Let’s see how you can merge 2 repos using shopsys monorepo-tools now.

# First clone the shopsys repo
> git clone git@github.com:shopsys/monorepo-tools.git

# Create a new repo
> mkdir parent
> cd parent
> git init

# Add the remotes and fetch
> git remote add repo1 git@github.com:UnresolvedCold/test-repo-1.git
> git remote add repo2 git@github.com:UnresolvedCold/test-repo-2.git
> git fetch --all

# Run Shopsys mono-repo tool
> ../monorepo-tools/monorepo_build.sh repo1 repo2

This is how easy it is to merge multiple repos using shopsys monorepo-tools. There are a variety of other things that you try with this tool like splitting a repo into multiple repos (reverse of what we did here). Not exploring this here.

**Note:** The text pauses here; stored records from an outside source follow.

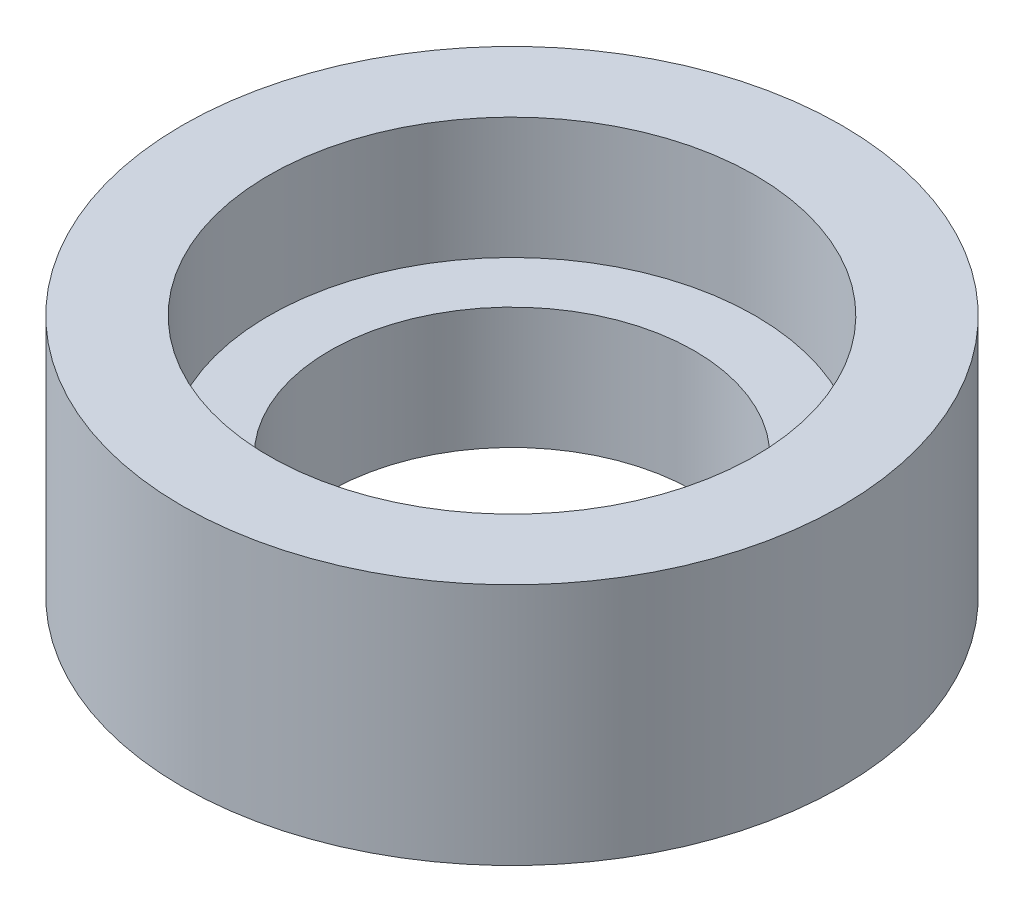
SolidWorks part; units mm, degrees
material "6061 Alloy"
ref_plane "Front Plane" through (0, 0, 0) normal (0, 0, 1) x (1, 0, 0)
ref_plane "Top Plane" through (0, 0, 0) normal (0, 1, 0) x (1, 0, 0)
ref_plane "Right Plane" through (0, 0, 0) normal (1, 0, 0) x (0, 0, -1)
sketch "Sketch1" plane through (0, 0, 0) normal (0, 0, 1) x (1, 0, 0)
  line L0 (0, 0) -> (0, 9.4829) construction
  line L1 (-4.3053, 3.175) -> (-4.3053, 0)
  line L2 (-4.3053, 0) -> (-2.3813, 0)
  line L3 (-2.3813, 0) -> (-2.3813, 1.5875)
  line L4 (-2.3813, 1.5875) -> (-3.175, 1.5875)
  line L5 (-3.175, 1.5875) -> (-3.175, 3.175)
  line L6 (-3.175, 3.175) -> (-4.3053, 3.175)
  dimension "D1" = 8.6106
  dimension "D2" = 6.35
  dimension "D3" = 4.7625
  dimension "D4" = 3.175
  dimension "D5" = 1.5875
revolve "Revolve1" add sketch "Sketch1" angle 360 about L0
ref_plane "Plane1" through (0, 0, 0) normal (-1, 0, 0) x (0, 0, -1)
ref_plane "Plane2" through (0, 0, 0) normal (-1, 0, 0) x (0, 0, -1)
ref_plane "Plane3" through (0, 0, 0) normal (-1, 0, 0) x (0, 0, -1)

Let’s verify if everything worked !!!

> tree .
.
├── repo1
│   └── README.md
└── repo2
    └── README.md   # Both the repositories are under their sub-directories

> git log --oneline
ad3f765 (HEAD -> main) merge multiple repositories into a monorepo
074ef5b Updated README.MD <repo-2>
025ec51 Initial commit
495e27b Updated README.MD
8a5f4f3 Initial commit

# Explore the latest commit
> git cat-file -p ad3f765 | grep tree
tree 630e5e1c57649efcd9929baa790768927783659e
> git cat-file -p 630e5e1c57649efcd9929baa790768927783659e
040000 tree d83102ebb26f925b8e087c821e49ca910f1750a6	repo1   # Check
040000 tree 7801ea011e82b38c3f3de145571ad75536d5bd5c	repo2   # Check
> git cat-file -p d83102ebb26f925b8e087c821e49ca910f1750a6
100644 blob 142ee887e3184237ac17f918498bda405eeb5fc1	README.md   # Check
> git cat-file blob 142ee887e3184237ac17f918498bda405eeb5fc1
# test-repo-1

This is a test repository.
> git cat-file -p 7801ea011e82b38c3f3de145571ad75536d5bd5c
100644 blob 18c9019fe2e7d5e8151db4cb5f1d10307c8547ec	README.md   # Check
This is a test repository.
> git cat-file blob 18c9019fe2e7d5e8151db4cb5f1d10307c8547ec
# test-repo-2

This is some other test repo.

# We can also verify commits 074ef5b and 495e27b to see if README.md is inside their respective folders
> git cat-file -p 074ef5b | grep tree
tree 057f76982f62d051ed841e43c09536d3f3c61980
> git cat-file -p 057f76982f62d051ed841e43c09536d3f3c61980
040000 tree 7801ea011e82b38c3f3de145571ad75536d5bd5c	repo2     # Check
> git cat-file -p 7801ea011e82b38c3f3de145571ad75536d5bd5c
100644 blob 18c9019fe2e7d5e8151db4cb5f1d10307c8547ec	README.md # Check

> git cat-file -p 495e27b | grep tree
tree 38eccdd305b8e410a1993391031e948e664d7b1d
> git cat-file -p 38eccdd305b8e410a1993391031e948e664d7b1d
040000 tree d83102ebb26f925b8e087c821e49ca910f1750a6	repo1     # Check
> git cat-file -p d83102ebb26f925b8e087c821e49ca910f1750a6
100644 blob 142ee887e3184237ac17f918498bda405eeb5fc1	README.md # Check

Everything seems perfect.

Conclusion

The merging of multiple repositories into a monorepo structure can be accomplished by rewriting git histories. This can be done manually by fetching a repo and tweaking the git index to believe it belongs to a subdirectory rather than the main repo itself. Another way is by using open-source tools like shopsys monorepo tools with which merging can be done in a few steps. More tweaks can be done with monorepo-tools to merge multiple branches and create a higher level POM inside every commit.